In contrast to the third quarter, the last quarter of 2015 saw the BBI fall to 95.94. During the period, a larger percentage of respondents (45%) attested that the business environment had remained the same since the third quarter while 31% of respondents also believed the conditions in the business climate had worsened.
This dip could be explained mainly by the fact that power supply improved at a relative slow pace as against the general expectation. The power crisis, which resulted in frequent load shedding, increased the cost of production as businesses either had to cut output or supplement power supply with power generators.
In summary, the inadequate supply of electricity, multiplicity of taxes, the high cost of lending, as well as the high number of procedures required to start a business, among other challenges led to an unfavorable business climate during the third and last quarter of 2015 and subsequently to the fall in the BBI and Ghana’s comparatively low ranking on the DB Report.
Ghana’s Tax policies don’t favour businesses
One daunting challenge still encountered by businesses of all sizes and in almost all sectors is the multiplicity of taxes and tariffs.
In the second, third and fourth quarters of 2015, the BBI documented multiplicity of taxes as the third major challenge after the Ghana Cedi depreciation and inadequate power supply.
The adoption and implementation of the ECOWAS Common External Tariffs (CET), albeit commendable as it standardises taxes across the sub region, has resulted in a net increase in import duties on certain commodities.
The new additions and increments in import duties which now stand at 35% have been opposed by trade associations namely, Ghana Union of Traders Association (GUTA).
This situation has triggered strike actions to oppose these additional taxes and increments as businesses are already slapped with substantial number of levies and charges at the ports, amidst the harsh economic conditions.
In any case, the implementation of the CET is inevitable since it’s a regional policy decision. Government’s approach to the implementation of the CET was out of proper context: to avoid any confusion, the government ought to have better engaged the appropriate trade unions, namely Importers and Exporters Association in comprehensive policy discussions.

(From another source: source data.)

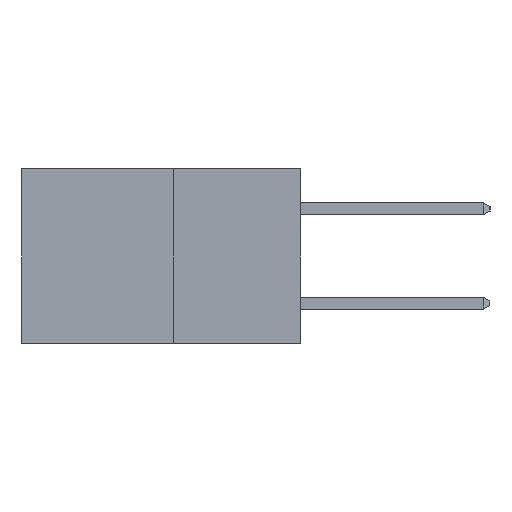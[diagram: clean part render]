
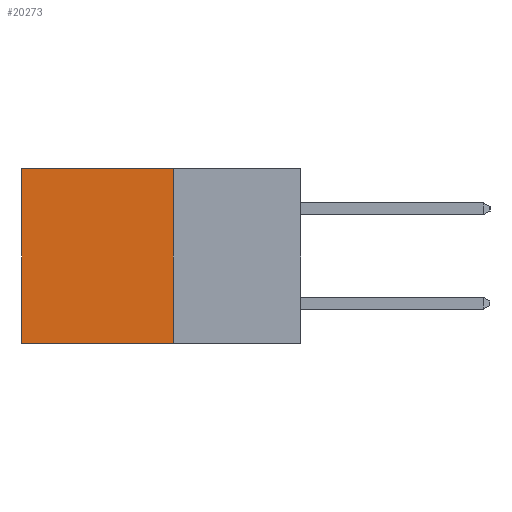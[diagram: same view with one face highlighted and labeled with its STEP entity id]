
A CAD part, left-side view. The second image highlights one B-rep face of the part: STEP entity #20273.
In plain terms, the highlighted planar face has unit normal (-1, 0, 0).
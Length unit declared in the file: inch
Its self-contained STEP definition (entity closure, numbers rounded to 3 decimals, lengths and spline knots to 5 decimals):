
#78 = VECTOR ( 'NONE', #24785, 39.37008 ) ;
#1319 = LINE ( 'NONE', #12866, #18149 ) ;
#1492 = VERTEX_POINT ( 'NONE', #26896 ) ;
#3774 = ORIENTED_EDGE ( 'NONE', *, *, #26260, .F. ) ;
#5423 = LINE ( 'NONE', #8763, #78 ) ;
#6516 = VECTOR ( 'NONE', #7555, 39.37008 ) ;
#6981 = CARTESIAN_POINT ( 'NONE',  ( 0.277, 0.27, 0. ) ) ;
#7555 = DIRECTION ( 'NONE',  ( 0., 0., -1. ) ) ;
#7684 = ORIENTED_EDGE ( 'NONE', *, *, #9509, .T. ) ;
#7840 = EDGE_LOOP ( 'NONE', ( #7684, #26671, #3774, #29568 ) ) ;
#8763 = CARTESIAN_POINT ( 'NONE',  ( 0.277, 0.27, -0.37 ) ) ;
#8980 = CARTESIAN_POINT ( 'NONE',  ( 0.277, 0.27, -0.37 ) ) ;
#9509 = EDGE_CURVE ( 'NONE', #12516, #17097, #18712, .T. ) ;
#11282 = DIRECTION ( 'NONE',  ( 0., 0., -1. ) ) ;
#11447 = CARTESIAN_POINT ( 'NONE',  ( 0.277, 0.59, 0. ) ) ;
#12516 = VERTEX_POINT ( 'NONE', #11447 ) ;
#12866 = CARTESIAN_POINT ( 'NONE',  ( 0.277, 0.27, 0. ) ) ;
#15287 = EDGE_CURVE ( 'NONE', #1492, #17097, #25790, .T. ) ;
#15373 = CARTESIAN_POINT ( 'NONE',  ( 0.277, 0.27, -0.37 ) ) ;
#17097 = VERTEX_POINT ( 'NONE', #18190 ) ;
#17870 = DIRECTION ( 'NONE',  ( 0., 1., 0. ) ) ;
#18149 = VECTOR ( 'NONE', #28868, 39.37008 ) ;
#18190 = CARTESIAN_POINT ( 'NONE',  ( 0.277, 0.59, -0.37 ) ) ;
#18712 = LINE ( 'NONE', #23578, #6516 ) ;
#19697 = VECTOR ( 'NONE', #17870, 39.37008 ) ;
#20273 = ADVANCED_FACE ( 'NONE', ( #29411 ), #22662, .F. ) ;
#21632 = VERTEX_POINT ( 'NONE', #6981 ) ;
#22662 = PLANE ( 'NONE',  #23537 ) ;
#22672 = EDGE_CURVE ( 'NONE', #21632, #12516, #1319, .T. ) ;
#23537 = AXIS2_PLACEMENT_3D ( 'NONE', #8980, #25002, #11282 ) ;
#23578 = CARTESIAN_POINT ( 'NONE',  ( 0.277, 0.59, -0.37 ) ) ;
#24785 = DIRECTION ( 'NONE',  ( 0., 0., -1. ) ) ;
#25002 = DIRECTION ( 'NONE',  ( 1., 0., 0. ) ) ;
#25790 = LINE ( 'NONE', #15373, #19697 ) ;
#26260 = EDGE_CURVE ( 'NONE', #21632, #1492, #5423, .T. ) ;
#26671 = ORIENTED_EDGE ( 'NONE', *, *, #15287, .F. ) ;
#26896 = CARTESIAN_POINT ( 'NONE',  ( 0.277, 0.27, -0.37 ) ) ;
#28868 = DIRECTION ( 'NONE',  ( 0., 1., 0. ) ) ;
#29411 = FACE_OUTER_BOUND ( 'NONE', #7840, .T. ) ;
#29568 = ORIENTED_EDGE ( 'NONE', *, *, #22672, .T. ) ;
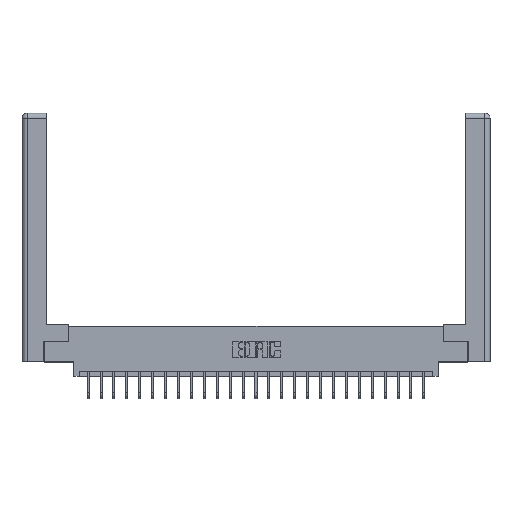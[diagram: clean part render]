
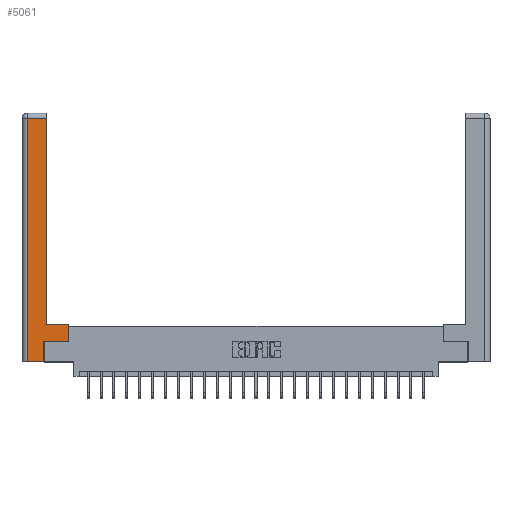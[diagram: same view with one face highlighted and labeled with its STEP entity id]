
A CAD part, top view. The second image highlights one B-rep face of the part: STEP entity #5061.
In plain terms, the highlighted planar face has unit normal (0, 0, 1).
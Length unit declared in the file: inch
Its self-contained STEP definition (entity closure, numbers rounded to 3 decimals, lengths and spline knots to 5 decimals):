
#38 = VECTOR ( 'NONE', #3180, 39.37008 ) ;
#236 = CARTESIAN_POINT ( 'NONE',  ( 0.565, 0.45, 0. ) ) ;
#621 = VERTEX_POINT ( 'NONE', #17602 ) ;
#791 = EDGE_CURVE ( 'NONE', #22597, #25389, #10589, .T. ) ;
#1013 = VECTOR ( 'NONE', #2445, 39.37008 ) ;
#1620 = EDGE_CURVE ( 'NONE', #8848, #621, #10871, .T. ) ;
#2445 = DIRECTION ( 'NONE',  ( 0., 1., 0. ) ) ;
#2487 = EDGE_CURVE ( 'NONE', #25389, #8298, #23136, .T. ) ;
#3180 = DIRECTION ( 'NONE',  ( 0., -1., 0. ) ) ;
#3925 = VECTOR ( 'NONE', #22386, 39.37008 ) ;
#4261 = DIRECTION ( 'NONE',  ( 1., 0., 0. ) ) ;
#4427 = CARTESIAN_POINT ( 'NONE',  ( 0.265, 0., 0. ) ) ;
#4532 = AXIS2_PLACEMENT_3D ( 'NONE', #10633, #16605, #20941 ) ;
#5061 = ADVANCED_FACE ( 'NONE', ( #26366 ), #12686, .F. ) ;
#5232 = VERTEX_POINT ( 'NONE', #9524 ) ;
#5560 = CARTESIAN_POINT ( 'NONE',  ( 0.265, 0.245, 0. ) ) ;
#5689 = EDGE_CURVE ( 'NONE', #8298, #9023, #23282, .T. ) ;
#5914 = LINE ( 'NONE', #21330, #14491 ) ;
#7112 = EDGE_CURVE ( 'NONE', #5232, #8848, #9112, .T. ) ;
#7940 = EDGE_CURVE ( 'NONE', #621, #22597, #17691, .T. ) ;
#8298 = VERTEX_POINT ( 'NONE', #19337 ) ;
#8848 = VERTEX_POINT ( 'NONE', #21749 ) ;
#8903 = ORIENTED_EDGE ( 'NONE', *, *, #2487, .T. ) ;
#8905 = DIRECTION ( 'NONE',  ( -1., 0., 0. ) ) ;
#9023 = VERTEX_POINT ( 'NONE', #13876 ) ;
#9112 = LINE ( 'NONE', #4427, #24732 ) ;
#9467 = CARTESIAN_POINT ( 'NONE',  ( 0.0615, 0., 0. ) ) ;
#9524 = CARTESIAN_POINT ( 'NONE',  ( 0.0615, 0., 0. ) ) ;
#9656 = CARTESIAN_POINT ( 'NONE',  ( 0.565, 0.45, 0. ) ) ;
#9767 = ORIENTED_EDGE ( 'NONE', *, *, #791, .T. ) ;
#9933 = EDGE_CURVE ( 'NONE', #25938, #5232, #21228, .T. ) ;
#10589 = LINE ( 'NONE', #236, #1013 ) ;
#10633 = CARTESIAN_POINT ( 'NONE',  ( 0., 0., 0. ) ) ;
#10871 = LINE ( 'NONE', #5560, #3925 ) ;
#11805 = CARTESIAN_POINT ( 'NONE',  ( 0.295, 3., 0. ) ) ;
#12686 = PLANE ( 'NONE',  #4532 ) ;
#13876 = CARTESIAN_POINT ( 'NONE',  ( 0.295, 2.94, 0. ) ) ;
#14491 = VECTOR ( 'NONE', #8905, 39.37008 ) ;
#16605 = DIRECTION ( 'NONE',  ( 0., 0., -1. ) ) ;
#17602 = CARTESIAN_POINT ( 'NONE',  ( 0.265, 0.245, 0. ) ) ;
#17636 = VECTOR ( 'NONE', #18407, 39.37008 ) ;
#17691 = LINE ( 'NONE', #25413, #24014 ) ;
#18407 = DIRECTION ( 'NONE',  ( 0., 1., 0. ) ) ;
#19147 = VECTOR ( 'NONE', #24018, 39.37008 ) ;
#19337 = CARTESIAN_POINT ( 'NONE',  ( 0.295, 0.45, 0. ) ) ;
#19583 = EDGE_CURVE ( 'NONE', #9023, #25938, #5914, .T. ) ;
#20513 = ORIENTED_EDGE ( 'NONE', *, *, #9933, .T. ) ;
#20602 = ORIENTED_EDGE ( 'NONE', *, *, #7112, .T. ) ;
#20918 = DIRECTION ( 'NONE',  ( 1., 0., 0. ) ) ;
#20941 = DIRECTION ( 'NONE',  ( -1., 0., 0. ) ) ;
#21228 = LINE ( 'NONE', #9467, #38 ) ;
#21330 = CARTESIAN_POINT ( 'NONE',  ( 0.0615, 2.94, 0. ) ) ;
#21734 = CARTESIAN_POINT ( 'NONE',  ( 0.0615, 2.94, 0. ) ) ;
#21749 = CARTESIAN_POINT ( 'NONE',  ( 0.265, 0., 0. ) ) ;
#22057 = CARTESIAN_POINT ( 'NONE',  ( 0.295, 0.45, 0. ) ) ;
#22386 = DIRECTION ( 'NONE',  ( 0., 1., 0. ) ) ;
#22597 = VERTEX_POINT ( 'NONE', #24395 ) ;
#23136 = LINE ( 'NONE', #22057, #19147 ) ;
#23282 = LINE ( 'NONE', #11805, #17636 ) ;
#23804 = ORIENTED_EDGE ( 'NONE', *, *, #5689, .T. ) ;
#24014 = VECTOR ( 'NONE', #4261, 39.37008 ) ;
#24018 = DIRECTION ( 'NONE',  ( -1., 0., 0. ) ) ;
#24395 = CARTESIAN_POINT ( 'NONE',  ( 0.565, 0.245, 0. ) ) ;
#24732 = VECTOR ( 'NONE', #20918, 39.37008 ) ;
#25056 = ORIENTED_EDGE ( 'NONE', *, *, #1620, .T. ) ;
#25389 = VERTEX_POINT ( 'NONE', #9656 ) ;
#25413 = CARTESIAN_POINT ( 'NONE',  ( 0.565, 0.245, 0. ) ) ;
#25938 = VERTEX_POINT ( 'NONE', #21734 ) ;
#26033 = ORIENTED_EDGE ( 'NONE', *, *, #7940, .T. ) ;
#26366 = FACE_OUTER_BOUND ( 'NONE', #26564, .T. ) ;
#26564 = EDGE_LOOP ( 'NONE', ( #23804, #27198, #20513, #20602, #25056, #26033, #9767, #8903 ) ) ;
#27198 = ORIENTED_EDGE ( 'NONE', *, *, #19583, .T. ) ;
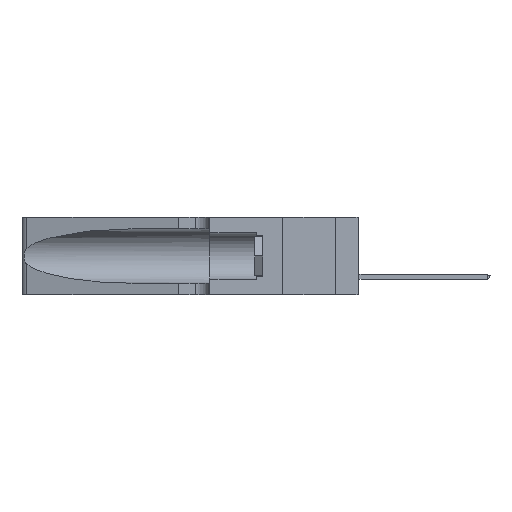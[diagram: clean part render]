
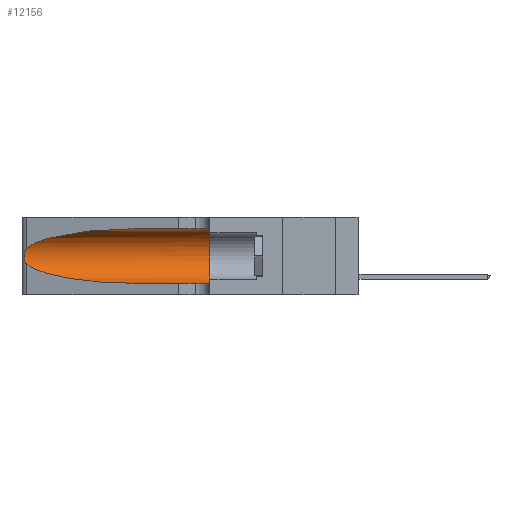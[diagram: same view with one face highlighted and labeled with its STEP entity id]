
A CAD part, left-side view. The second image highlights one B-rep face of the part: STEP entity #12156.
In plain terms, the highlighted cylindrical face has radius 3.308 mm (diameter 6.617 mm), a partial arc.
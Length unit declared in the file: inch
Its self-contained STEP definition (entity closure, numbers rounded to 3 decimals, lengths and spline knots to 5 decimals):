
#287 = B_SPLINE_CURVE_WITH_KNOTS ( 'NONE', 3,
 ( #22355, #33885, #36813, #13155, #19237, #19104, #28234, #21798, #3859, #10048, #34020, #1123, #4136, #34168 ),
 .UNSPECIFIED., .F., .F.,
 ( 4, 2, 2, 2, 2, 2, 4 ),
 ( 0., 0.00027, 0.00053, 0.00107, 0.0016, 0.00187, 0.00214 ),
 .UNSPECIFIED. ) ;
#646 = EDGE_CURVE ( 'NONE', #30015, #37181, #14277, .T. ) ;
#689 = CARTESIAN_POINT ( 'NONE',  ( 0.1305, 0.72297, 0.31525 ) ) ;
#1123 = CARTESIAN_POINT ( 'NONE',  ( 0.25639, 1.23186, 0.15144 ) ) ;
#1220 = CARTESIAN_POINT ( 'NONE',  ( 0.1305, 1.61858, 0.185 ) ) ;
#1498 = CARTESIAN_POINT ( 'NONE',  ( 0.1305, 1.61858, 0.31525 ) ) ;
#2928 = EDGE_CURVE ( 'NONE', #7715, #30015, #287, .T. ) ;
#3859 = CARTESIAN_POINT ( 'NONE',  ( 0.26017, 1.23833, 0.17102 ) ) ;
#4136 = CARTESIAN_POINT ( 'NONE',  ( 0.25555, 1.22993, 0.14849 ) ) ;
#4545 = CARTESIAN_POINT ( 'NONE',  ( 0.1305, 0.72297, 0.05475 ) ) ;
#4835 = LINE ( 'NONE', #1498, #13749 ) ;
#5540 = VERTEX_POINT ( 'NONE', #19862 ) ;
#5572 = VECTOR ( 'NONE', #37356, 39.37008 ) ;
#5904 = CARTESIAN_POINT ( 'NONE',  ( 0.25487, 1.22718, 0.22369 ) ) ;
#6229 = CARTESIAN_POINT ( 'NONE',  ( 0.25487, 1.22718, 0.14631 ) ) ;
#6385 = AXIS2_PLACEMENT_3D ( 'NONE', #1220, #34538, #34395 ) ;
#7013 = CARTESIAN_POINT ( 'NONE',  ( 0.25487, 1.22718, 0.22369 ) ) ;
#7155 = CARTESIAN_POINT ( 'NONE',  ( 0.2373, 1.15595, 0.28018 ) ) ;
#7715 = VERTEX_POINT ( 'NONE', #5904 ) ;
#8183 = ORIENTED_EDGE ( 'NONE', *, *, #2928, .T. ) ;
#8356 = CYLINDRICAL_SURFACE ( 'NONE', #6385, 0.13025 ) ;
#9649 = FACE_OUTER_BOUND ( 'NONE', #17999, .T. ) ;
#10024 = DIRECTION ( 'NONE',  ( 0., -1., 0. ) ) ;
#10048 = CARTESIAN_POINT ( 'NONE',  ( 0.25856, 1.23593, 0.16098 ) ) ;
#10107 = CARTESIAN_POINT ( 'NONE',  ( 0.1305, 0.35, 0.185 ) ) ;
#10376 = DIRECTION ( 'NONE',  ( 0., 1., 0. ) ) ;
#10422 = EDGE_CURVE ( 'NONE', #11902, #5540, #28086, .T. ) ;
#10718 = CARTESIAN_POINT ( 'NONE',  ( 0.2373, 1.15595, 0.08982 ) ) ;
#11196 = CARTESIAN_POINT ( 'NONE',  ( 0.1305, 0.72297, 0.05475 ) ) ;
#11902 = VERTEX_POINT ( 'NONE', #19878 ) ;
#12156 = ADVANCED_FACE ( 'NONE', ( #9649 ), #8356, .F. ) ;
#13155 = CARTESIAN_POINT ( 'NONE',  ( 0.25787, 1.23484, 0.2124 ) ) ;
#13441 = ORIENTED_EDGE ( 'NONE', *, *, #10422, .F. ) ;
#13749 = VECTOR ( 'NONE', #10024, 39.37008 ) ;
#14277 =( BOUNDED_CURVE ( )  B_SPLINE_CURVE ( 3, ( #31507, #10718, #31638, #4545 ),
 .UNSPECIFIED., .F., .T. ) 
 B_SPLINE_CURVE_WITH_KNOTS ( ( 4, 4 ),
 ( 3.44316, 4.71239 ),
 .UNSPECIFIED. ) 
 CURVE ( )  GEOMETRIC_REPRESENTATION_ITEM ( )  RATIONAL_B_SPLINE_CURVE ( ( 1., 0.87, 0.87, 1. ) ) 
 REPRESENTATION_ITEM ( '' )  );
#15396 =( BOUNDED_CURVE ( )  B_SPLINE_CURVE ( 3, ( #689, #18948, #7155, #7013 ),
 .UNSPECIFIED., .F., .T. ) 
 B_SPLINE_CURVE_WITH_KNOTS ( ( 4, 4 ),
 ( 1.5708, 2.84003 ),
 .UNSPECIFIED. ) 
 CURVE ( )  GEOMETRIC_REPRESENTATION_ITEM ( )  RATIONAL_B_SPLINE_CURVE ( ( 1., 0.87, 0.87, 1. ) ) 
 REPRESENTATION_ITEM ( '' )  );
#16196 = VERTEX_POINT ( 'NONE', #25013 ) ;
#16547 = EDGE_CURVE ( 'NONE', #37181, #5540, #37481, .T. ) ;
#16785 = EDGE_CURVE ( 'NONE', #16196, #7715, #15396, .T. ) ;
#17999 = EDGE_LOOP ( 'NONE', ( #30331, #8183, #38618, #18238, #13441, #19939 ) ) ;
#18238 = ORIENTED_EDGE ( 'NONE', *, *, #16547, .T. ) ;
#18948 = CARTESIAN_POINT ( 'NONE',  ( 0.18966, 0.96281, 0.31525 ) ) ;
#19104 = CARTESIAN_POINT ( 'NONE',  ( 0.26018, 1.23835, 0.19895 ) ) ;
#19237 = CARTESIAN_POINT ( 'NONE',  ( 0.25854, 1.2359, 0.20912 ) ) ;
#19862 = CARTESIAN_POINT ( 'NONE',  ( 0.1305, 0.35, 0.05475 ) ) ;
#19878 = CARTESIAN_POINT ( 'NONE',  ( 0.1305, 0.35, 0.31525 ) ) ;
#19939 = ORIENTED_EDGE ( 'NONE', *, *, #29448, .F. ) ;
#21798 = CARTESIAN_POINT ( 'NONE',  ( 0.26075, 1.23896, 0.178 ) ) ;
#22355 = CARTESIAN_POINT ( 'NONE',  ( 0.25487, 1.22718, 0.22369 ) ) ;
#25013 = CARTESIAN_POINT ( 'NONE',  ( 0.1305, 0.72297, 0.31525 ) ) ;
#26909 = CARTESIAN_POINT ( 'NONE',  ( 0.1305, 1.61858, 0.05475 ) ) ;
#28005 = DIRECTION ( 'NONE',  ( 0., 0., 1. ) ) ;
#28086 = CIRCLE ( 'NONE', #33191, 0.13025 ) ;
#28234 = CARTESIAN_POINT ( 'NONE',  ( 0.26075, 1.23896, 0.19203 ) ) ;
#29448 = EDGE_CURVE ( 'NONE', #16196, #11902, #4835, .T. ) ;
#30015 = VERTEX_POINT ( 'NONE', #6229 ) ;
#30331 = ORIENTED_EDGE ( 'NONE', *, *, #16785, .T. ) ;
#31507 = CARTESIAN_POINT ( 'NONE',  ( 0.25487, 1.22718, 0.14631 ) ) ;
#31638 = CARTESIAN_POINT ( 'NONE',  ( 0.18966, 0.96281, 0.05475 ) ) ;
#33191 = AXIS2_PLACEMENT_3D ( 'NONE', #10107, #10376, #28005 ) ;
#33885 = CARTESIAN_POINT ( 'NONE',  ( 0.25555, 1.22994, 0.2215 ) ) ;
#34020 = CARTESIAN_POINT ( 'NONE',  ( 0.25789, 1.23486, 0.15765 ) ) ;
#34168 = CARTESIAN_POINT ( 'NONE',  ( 0.25487, 1.22718, 0.14631 ) ) ;
#34395 = DIRECTION ( 'NONE',  ( 0., 0., -1. ) ) ;
#34538 = DIRECTION ( 'NONE',  ( 0., -1., 0. ) ) ;
#36813 = CARTESIAN_POINT ( 'NONE',  ( 0.25639, 1.23184, 0.21858 ) ) ;
#37181 = VERTEX_POINT ( 'NONE', #11196 ) ;
#37356 = DIRECTION ( 'NONE',  ( 0., -1., 0. ) ) ;
#37481 = LINE ( 'NONE', #26909, #5572 ) ;
#38618 = ORIENTED_EDGE ( 'NONE', *, *, #646, .T. ) ;

According to the DB Report 2016, businesses make 33 tax payments a year, spend 224 hours a year filing, preparing and paying taxes amounting to 32.70% of profits. These numbers, standing alone, may not adequately portray the tax burden on local businesses. But going a little further by undertaking a global and regional comparative analysis explains Ghana’s ranking of 106 out of 189 economies in the ease of “paying taxes” of the DB Report; falling from 102, from the previous year.
Ghana, like most developing countries still faces tough challenges in its attempt to establish an efficient tax regime, with the aim of increasing tax revenue and attaining sustainable budget expenditures.
Recent policy initiatives by the government have led to a number of additional taxes introduced on goods, services and incomes. As compared to other countries in Sub-Saharan Africa, Ghana’s tax regime as it is today seems unfavourable to businesses as they are confronted with multiple taxes in various sectors of the economy.
In the 2016 Budget and Economic Policy statement, government introduced a number of tax policies in view of addressing issues regarding tax exemptions, tax evasion and low compliance and “controversially”, revenue maximization.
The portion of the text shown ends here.